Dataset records
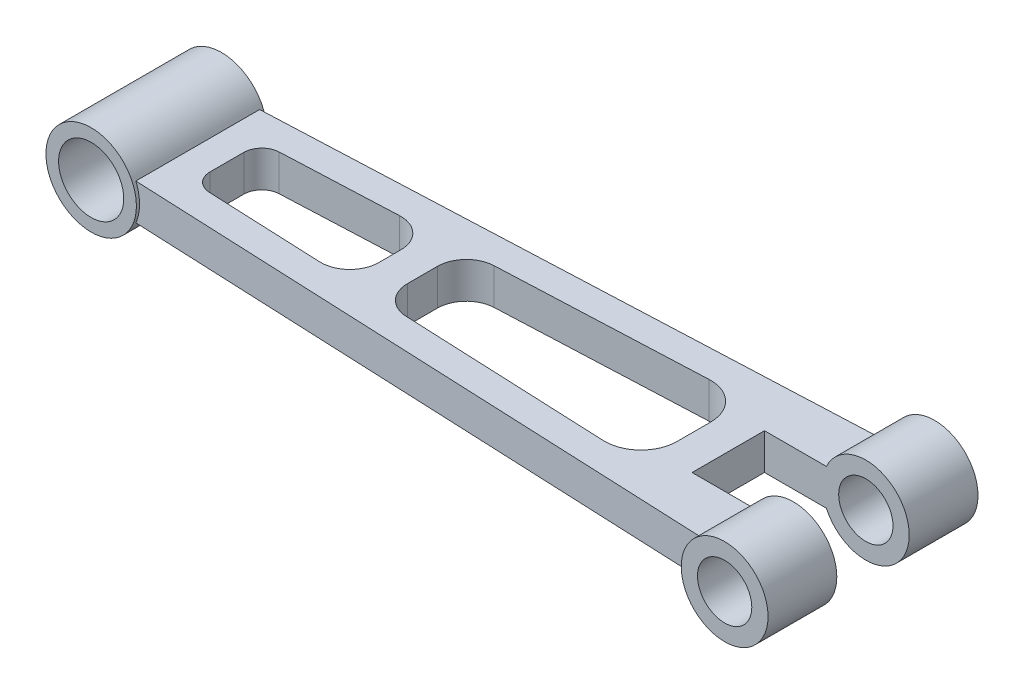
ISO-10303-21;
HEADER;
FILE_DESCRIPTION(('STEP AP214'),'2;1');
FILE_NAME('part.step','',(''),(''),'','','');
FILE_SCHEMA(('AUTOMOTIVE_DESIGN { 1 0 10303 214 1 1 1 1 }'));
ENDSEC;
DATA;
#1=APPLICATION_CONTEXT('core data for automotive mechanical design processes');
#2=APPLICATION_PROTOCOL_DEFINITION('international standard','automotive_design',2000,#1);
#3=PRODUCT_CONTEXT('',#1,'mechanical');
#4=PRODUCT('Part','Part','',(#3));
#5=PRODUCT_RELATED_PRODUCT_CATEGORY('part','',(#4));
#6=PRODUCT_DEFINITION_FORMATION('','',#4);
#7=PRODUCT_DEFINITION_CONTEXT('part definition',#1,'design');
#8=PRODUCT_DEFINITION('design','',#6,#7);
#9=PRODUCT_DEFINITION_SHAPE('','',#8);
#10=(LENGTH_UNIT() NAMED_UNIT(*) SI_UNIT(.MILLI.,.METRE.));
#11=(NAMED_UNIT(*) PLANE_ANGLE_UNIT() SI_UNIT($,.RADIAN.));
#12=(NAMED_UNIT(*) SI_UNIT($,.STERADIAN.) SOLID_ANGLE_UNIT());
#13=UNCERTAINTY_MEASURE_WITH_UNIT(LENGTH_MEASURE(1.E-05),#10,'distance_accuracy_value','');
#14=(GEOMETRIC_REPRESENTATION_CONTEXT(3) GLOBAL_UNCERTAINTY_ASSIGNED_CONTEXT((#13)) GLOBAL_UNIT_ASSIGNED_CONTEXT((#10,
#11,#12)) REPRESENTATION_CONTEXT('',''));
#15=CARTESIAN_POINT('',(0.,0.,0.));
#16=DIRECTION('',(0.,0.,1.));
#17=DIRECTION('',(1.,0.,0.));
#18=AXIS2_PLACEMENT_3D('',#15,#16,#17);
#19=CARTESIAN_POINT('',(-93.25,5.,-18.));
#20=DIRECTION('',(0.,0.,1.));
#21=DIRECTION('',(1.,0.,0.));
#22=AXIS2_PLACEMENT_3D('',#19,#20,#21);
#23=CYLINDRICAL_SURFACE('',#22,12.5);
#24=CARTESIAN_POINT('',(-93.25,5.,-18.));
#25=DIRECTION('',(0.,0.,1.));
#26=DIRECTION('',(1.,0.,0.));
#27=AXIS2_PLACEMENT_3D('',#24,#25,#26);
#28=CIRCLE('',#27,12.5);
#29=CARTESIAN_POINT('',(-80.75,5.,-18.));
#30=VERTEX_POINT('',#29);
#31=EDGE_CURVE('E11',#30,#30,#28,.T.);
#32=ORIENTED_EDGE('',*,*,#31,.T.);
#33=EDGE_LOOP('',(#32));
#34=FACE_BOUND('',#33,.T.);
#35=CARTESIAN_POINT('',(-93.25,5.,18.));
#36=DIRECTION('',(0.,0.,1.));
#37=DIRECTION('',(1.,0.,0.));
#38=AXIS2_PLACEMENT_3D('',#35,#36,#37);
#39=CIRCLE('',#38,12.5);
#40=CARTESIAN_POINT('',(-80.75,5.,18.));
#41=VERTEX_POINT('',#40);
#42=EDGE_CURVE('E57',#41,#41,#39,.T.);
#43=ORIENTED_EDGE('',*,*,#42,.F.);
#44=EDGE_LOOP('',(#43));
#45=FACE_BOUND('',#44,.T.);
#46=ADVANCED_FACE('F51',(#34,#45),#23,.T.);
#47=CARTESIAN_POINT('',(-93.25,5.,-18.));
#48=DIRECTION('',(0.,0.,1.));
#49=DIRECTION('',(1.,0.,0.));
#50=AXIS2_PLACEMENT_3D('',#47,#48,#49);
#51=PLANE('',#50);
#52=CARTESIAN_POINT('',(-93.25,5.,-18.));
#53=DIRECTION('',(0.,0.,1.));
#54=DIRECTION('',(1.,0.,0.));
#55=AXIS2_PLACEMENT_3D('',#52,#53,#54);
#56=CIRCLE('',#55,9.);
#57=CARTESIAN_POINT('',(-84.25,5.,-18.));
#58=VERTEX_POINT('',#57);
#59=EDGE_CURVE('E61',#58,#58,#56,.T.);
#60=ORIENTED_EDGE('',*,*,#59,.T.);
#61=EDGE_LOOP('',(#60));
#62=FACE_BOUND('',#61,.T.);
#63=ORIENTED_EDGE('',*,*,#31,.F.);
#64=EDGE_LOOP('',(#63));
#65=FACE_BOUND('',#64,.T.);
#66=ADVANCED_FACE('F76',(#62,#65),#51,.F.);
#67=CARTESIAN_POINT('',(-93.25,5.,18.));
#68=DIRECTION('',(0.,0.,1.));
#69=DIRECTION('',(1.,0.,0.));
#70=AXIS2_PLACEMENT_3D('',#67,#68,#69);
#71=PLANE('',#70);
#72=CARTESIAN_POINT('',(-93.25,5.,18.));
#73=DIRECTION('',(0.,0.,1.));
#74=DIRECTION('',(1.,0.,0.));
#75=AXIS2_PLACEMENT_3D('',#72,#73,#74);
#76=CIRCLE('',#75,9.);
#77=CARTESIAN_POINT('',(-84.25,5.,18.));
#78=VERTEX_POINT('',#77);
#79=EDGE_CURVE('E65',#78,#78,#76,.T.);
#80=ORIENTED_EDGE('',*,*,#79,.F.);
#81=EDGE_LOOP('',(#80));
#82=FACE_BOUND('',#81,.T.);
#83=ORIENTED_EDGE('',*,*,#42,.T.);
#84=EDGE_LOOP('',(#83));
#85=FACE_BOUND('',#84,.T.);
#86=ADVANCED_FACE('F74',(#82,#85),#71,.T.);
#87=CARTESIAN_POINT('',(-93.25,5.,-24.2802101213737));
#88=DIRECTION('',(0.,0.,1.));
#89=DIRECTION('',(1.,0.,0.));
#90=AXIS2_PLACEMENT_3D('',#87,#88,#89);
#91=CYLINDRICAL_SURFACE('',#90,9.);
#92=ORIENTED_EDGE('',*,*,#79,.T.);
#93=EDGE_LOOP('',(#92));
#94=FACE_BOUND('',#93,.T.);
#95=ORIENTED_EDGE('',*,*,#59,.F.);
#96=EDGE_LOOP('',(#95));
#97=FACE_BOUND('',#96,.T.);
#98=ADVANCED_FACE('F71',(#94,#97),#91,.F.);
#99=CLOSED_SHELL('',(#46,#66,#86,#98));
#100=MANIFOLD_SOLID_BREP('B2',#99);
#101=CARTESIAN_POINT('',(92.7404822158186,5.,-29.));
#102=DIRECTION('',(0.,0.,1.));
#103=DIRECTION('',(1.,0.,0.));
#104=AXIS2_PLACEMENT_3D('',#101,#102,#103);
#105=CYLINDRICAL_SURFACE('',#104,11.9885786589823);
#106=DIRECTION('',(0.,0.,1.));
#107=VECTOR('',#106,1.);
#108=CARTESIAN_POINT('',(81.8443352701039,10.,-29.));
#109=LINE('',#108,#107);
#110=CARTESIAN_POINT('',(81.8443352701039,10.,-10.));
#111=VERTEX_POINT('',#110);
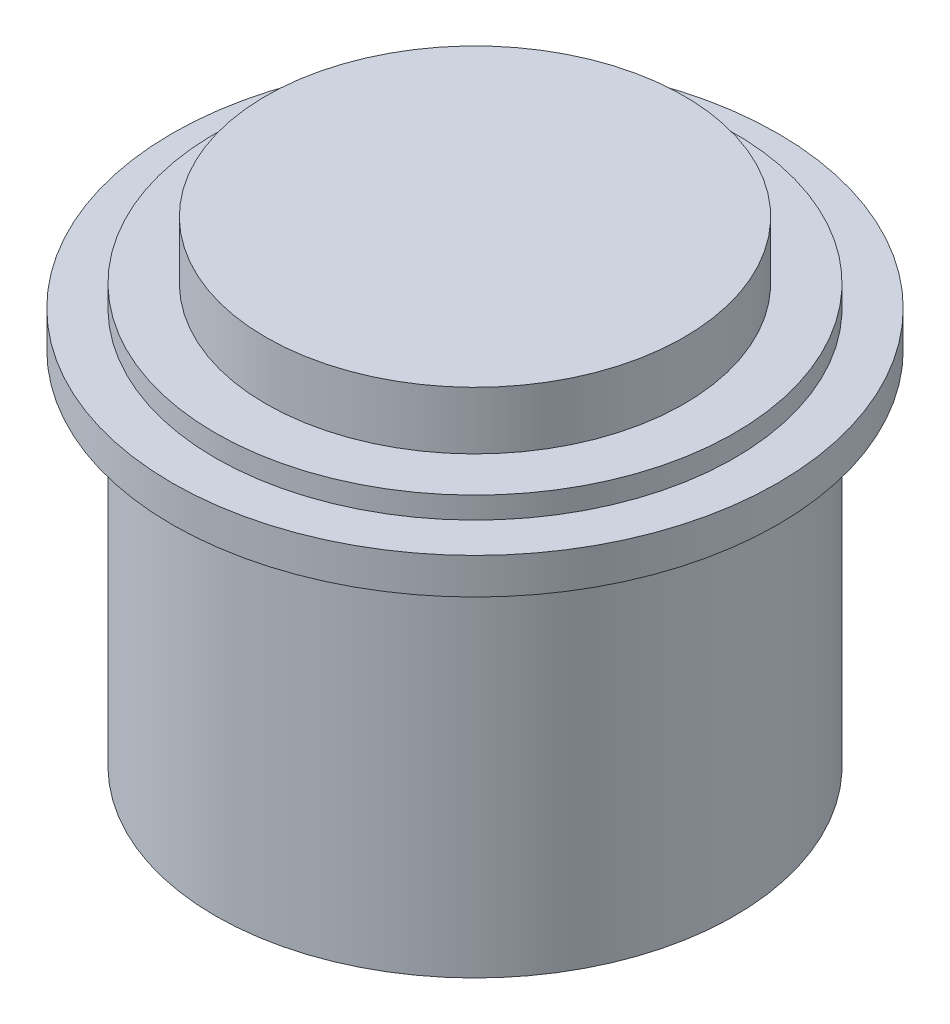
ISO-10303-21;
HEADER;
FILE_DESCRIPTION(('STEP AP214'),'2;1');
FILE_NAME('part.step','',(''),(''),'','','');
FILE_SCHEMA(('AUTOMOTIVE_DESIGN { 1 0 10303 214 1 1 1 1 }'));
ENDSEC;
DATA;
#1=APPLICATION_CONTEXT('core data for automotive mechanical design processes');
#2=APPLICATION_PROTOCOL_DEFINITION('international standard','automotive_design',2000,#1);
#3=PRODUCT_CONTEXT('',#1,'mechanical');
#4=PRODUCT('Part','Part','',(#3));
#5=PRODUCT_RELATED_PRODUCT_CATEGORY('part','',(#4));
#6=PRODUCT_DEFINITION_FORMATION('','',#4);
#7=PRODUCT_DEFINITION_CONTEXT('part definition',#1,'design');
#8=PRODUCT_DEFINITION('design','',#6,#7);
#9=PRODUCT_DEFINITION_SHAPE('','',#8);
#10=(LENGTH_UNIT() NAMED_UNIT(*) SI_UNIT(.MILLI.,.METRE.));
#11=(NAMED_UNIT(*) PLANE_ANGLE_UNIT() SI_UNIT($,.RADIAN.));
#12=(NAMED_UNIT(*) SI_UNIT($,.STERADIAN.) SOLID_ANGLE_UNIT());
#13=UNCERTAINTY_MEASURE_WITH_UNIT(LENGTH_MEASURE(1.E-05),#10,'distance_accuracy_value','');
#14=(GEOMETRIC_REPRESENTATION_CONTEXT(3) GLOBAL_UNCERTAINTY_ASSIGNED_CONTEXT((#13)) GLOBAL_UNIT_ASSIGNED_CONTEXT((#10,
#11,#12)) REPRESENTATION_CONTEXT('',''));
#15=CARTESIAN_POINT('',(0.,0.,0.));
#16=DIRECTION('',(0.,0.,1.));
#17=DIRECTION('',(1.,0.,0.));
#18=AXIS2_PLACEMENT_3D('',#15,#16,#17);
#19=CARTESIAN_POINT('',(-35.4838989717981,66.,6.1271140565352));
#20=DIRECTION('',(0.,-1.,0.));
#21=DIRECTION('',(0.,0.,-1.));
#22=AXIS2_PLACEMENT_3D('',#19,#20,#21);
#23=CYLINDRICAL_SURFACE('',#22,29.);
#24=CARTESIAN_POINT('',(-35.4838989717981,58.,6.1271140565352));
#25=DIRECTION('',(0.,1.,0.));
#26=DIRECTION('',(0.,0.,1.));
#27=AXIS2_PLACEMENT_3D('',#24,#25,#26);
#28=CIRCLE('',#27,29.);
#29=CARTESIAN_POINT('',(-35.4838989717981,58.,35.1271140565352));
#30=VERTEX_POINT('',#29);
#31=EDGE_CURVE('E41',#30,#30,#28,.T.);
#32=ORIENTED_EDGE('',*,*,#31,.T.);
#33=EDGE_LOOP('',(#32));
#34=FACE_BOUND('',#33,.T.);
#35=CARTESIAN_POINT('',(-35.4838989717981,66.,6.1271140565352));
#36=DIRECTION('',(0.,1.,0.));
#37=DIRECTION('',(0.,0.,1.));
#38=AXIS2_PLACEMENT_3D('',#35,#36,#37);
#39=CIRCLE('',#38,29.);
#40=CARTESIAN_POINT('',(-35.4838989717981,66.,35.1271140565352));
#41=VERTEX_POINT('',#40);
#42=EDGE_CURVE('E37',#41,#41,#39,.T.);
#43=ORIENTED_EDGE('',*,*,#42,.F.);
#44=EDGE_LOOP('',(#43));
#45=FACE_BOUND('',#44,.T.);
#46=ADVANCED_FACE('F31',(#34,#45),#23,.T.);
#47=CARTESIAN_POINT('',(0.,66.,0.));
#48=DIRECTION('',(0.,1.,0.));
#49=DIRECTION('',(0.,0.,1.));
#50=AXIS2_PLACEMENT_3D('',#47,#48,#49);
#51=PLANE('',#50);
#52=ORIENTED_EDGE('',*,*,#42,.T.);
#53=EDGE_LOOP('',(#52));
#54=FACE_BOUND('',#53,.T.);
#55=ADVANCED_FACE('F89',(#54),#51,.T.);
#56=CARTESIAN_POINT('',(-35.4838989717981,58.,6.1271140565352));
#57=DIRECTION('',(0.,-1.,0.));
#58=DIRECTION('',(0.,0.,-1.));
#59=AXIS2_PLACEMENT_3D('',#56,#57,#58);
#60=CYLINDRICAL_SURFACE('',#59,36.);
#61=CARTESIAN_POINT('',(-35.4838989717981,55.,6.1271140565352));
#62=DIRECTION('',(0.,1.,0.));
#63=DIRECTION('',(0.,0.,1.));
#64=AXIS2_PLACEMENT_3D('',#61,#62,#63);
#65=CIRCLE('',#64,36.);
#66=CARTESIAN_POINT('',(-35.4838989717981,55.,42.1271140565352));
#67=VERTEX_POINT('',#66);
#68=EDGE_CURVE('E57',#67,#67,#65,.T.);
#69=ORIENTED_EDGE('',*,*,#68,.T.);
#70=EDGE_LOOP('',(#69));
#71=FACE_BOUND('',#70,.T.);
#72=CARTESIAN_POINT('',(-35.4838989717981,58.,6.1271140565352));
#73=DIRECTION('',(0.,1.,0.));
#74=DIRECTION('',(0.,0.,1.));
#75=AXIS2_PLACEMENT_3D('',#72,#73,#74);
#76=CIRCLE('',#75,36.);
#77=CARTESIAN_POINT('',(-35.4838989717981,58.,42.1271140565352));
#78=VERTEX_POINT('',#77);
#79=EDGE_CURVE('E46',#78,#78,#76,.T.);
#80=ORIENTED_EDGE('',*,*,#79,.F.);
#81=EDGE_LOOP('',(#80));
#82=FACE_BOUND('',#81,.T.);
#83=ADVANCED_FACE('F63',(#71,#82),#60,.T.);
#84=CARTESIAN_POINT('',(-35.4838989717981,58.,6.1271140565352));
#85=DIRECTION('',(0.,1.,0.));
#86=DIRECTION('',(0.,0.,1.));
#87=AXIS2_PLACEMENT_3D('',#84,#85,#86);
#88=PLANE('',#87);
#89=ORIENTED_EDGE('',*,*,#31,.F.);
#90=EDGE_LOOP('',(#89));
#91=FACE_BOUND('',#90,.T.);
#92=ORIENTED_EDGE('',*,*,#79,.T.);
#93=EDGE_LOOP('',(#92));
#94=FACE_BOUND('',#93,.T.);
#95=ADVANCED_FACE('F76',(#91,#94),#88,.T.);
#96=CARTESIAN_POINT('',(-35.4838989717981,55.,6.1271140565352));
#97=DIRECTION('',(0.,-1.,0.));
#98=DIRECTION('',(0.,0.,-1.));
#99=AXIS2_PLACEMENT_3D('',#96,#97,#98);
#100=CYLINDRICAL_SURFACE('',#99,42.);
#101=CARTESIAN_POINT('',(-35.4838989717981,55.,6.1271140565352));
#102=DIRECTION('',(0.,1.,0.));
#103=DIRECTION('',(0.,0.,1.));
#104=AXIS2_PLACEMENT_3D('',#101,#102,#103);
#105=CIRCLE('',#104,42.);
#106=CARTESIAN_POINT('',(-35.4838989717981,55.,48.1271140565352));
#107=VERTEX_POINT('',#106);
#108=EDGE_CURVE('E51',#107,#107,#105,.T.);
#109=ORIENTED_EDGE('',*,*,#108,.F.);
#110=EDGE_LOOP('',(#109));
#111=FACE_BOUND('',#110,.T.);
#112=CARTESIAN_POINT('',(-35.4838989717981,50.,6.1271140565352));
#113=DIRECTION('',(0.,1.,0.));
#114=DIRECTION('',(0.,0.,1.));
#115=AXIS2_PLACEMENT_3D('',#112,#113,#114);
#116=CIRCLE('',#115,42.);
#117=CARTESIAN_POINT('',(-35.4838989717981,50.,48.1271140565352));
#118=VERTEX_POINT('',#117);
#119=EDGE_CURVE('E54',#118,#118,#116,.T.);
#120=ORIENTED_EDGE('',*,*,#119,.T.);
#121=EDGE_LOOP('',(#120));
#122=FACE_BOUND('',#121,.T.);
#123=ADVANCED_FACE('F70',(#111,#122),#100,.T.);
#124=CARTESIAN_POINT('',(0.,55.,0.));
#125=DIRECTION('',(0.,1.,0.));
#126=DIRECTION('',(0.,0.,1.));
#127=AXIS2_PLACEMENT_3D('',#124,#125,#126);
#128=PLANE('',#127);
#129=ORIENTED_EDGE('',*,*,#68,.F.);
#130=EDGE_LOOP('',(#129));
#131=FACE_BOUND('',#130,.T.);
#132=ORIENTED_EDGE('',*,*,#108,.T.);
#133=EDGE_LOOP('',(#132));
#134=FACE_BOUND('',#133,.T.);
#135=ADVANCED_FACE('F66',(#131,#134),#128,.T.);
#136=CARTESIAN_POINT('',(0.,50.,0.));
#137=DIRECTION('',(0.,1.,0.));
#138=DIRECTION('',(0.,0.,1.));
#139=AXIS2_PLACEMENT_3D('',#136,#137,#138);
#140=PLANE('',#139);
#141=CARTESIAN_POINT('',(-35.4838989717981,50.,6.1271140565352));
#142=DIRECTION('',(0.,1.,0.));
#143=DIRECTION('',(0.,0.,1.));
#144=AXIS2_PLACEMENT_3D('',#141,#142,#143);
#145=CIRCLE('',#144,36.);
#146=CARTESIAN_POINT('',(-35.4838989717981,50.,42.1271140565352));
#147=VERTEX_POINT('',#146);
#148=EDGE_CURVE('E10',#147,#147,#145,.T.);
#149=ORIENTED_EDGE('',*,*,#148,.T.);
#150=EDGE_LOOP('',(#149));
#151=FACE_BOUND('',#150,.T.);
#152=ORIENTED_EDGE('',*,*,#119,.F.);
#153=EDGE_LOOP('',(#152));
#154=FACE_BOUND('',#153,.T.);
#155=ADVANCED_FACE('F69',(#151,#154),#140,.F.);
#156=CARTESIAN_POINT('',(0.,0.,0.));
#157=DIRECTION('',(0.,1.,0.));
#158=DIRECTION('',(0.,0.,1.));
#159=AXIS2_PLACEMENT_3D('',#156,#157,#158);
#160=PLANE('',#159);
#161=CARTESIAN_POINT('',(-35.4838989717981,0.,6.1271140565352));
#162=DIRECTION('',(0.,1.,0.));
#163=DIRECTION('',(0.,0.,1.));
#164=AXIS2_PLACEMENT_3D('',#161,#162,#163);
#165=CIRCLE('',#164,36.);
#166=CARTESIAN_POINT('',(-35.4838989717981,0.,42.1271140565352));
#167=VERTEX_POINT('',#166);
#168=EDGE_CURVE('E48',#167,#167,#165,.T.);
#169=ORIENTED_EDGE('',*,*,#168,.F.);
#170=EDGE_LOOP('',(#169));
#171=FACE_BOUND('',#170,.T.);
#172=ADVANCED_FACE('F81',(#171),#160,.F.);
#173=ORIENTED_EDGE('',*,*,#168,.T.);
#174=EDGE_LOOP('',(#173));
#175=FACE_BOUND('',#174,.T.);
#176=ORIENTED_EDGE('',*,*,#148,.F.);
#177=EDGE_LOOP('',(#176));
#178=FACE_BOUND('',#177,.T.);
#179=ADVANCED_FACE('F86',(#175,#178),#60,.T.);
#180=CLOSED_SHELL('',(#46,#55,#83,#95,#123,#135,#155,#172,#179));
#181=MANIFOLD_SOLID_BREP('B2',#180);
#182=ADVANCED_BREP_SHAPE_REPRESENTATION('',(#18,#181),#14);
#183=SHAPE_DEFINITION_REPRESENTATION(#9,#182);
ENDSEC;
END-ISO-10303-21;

◆ **Directions**
In the entries, find the line containing "#177=EDGE_LOOP('',(#176));" and output it and all remaining lines exactly.

◆ **Your response**
#177=EDGE_LOOP('',(#176));
#178=FACE_BOUND('',#177,.T.);
#179=ADVANCED_FACE('F86',(#175,#178),#60,.T.);
#180=CLOSED_SHELL('',(#46,#55,#83,#95,#123,#135,#155,#172,#179));
#181=MANIFOLD_SOLID_BREP('B2',#180);
#182=ADVANCED_BREP_SHAPE_REPRESENTATION('',(#18,#181),#14);
#183=SHAPE_DEFINITION_REPRESENTATION(#9,#182);
ENDSEC;
END-ISO-10303-21;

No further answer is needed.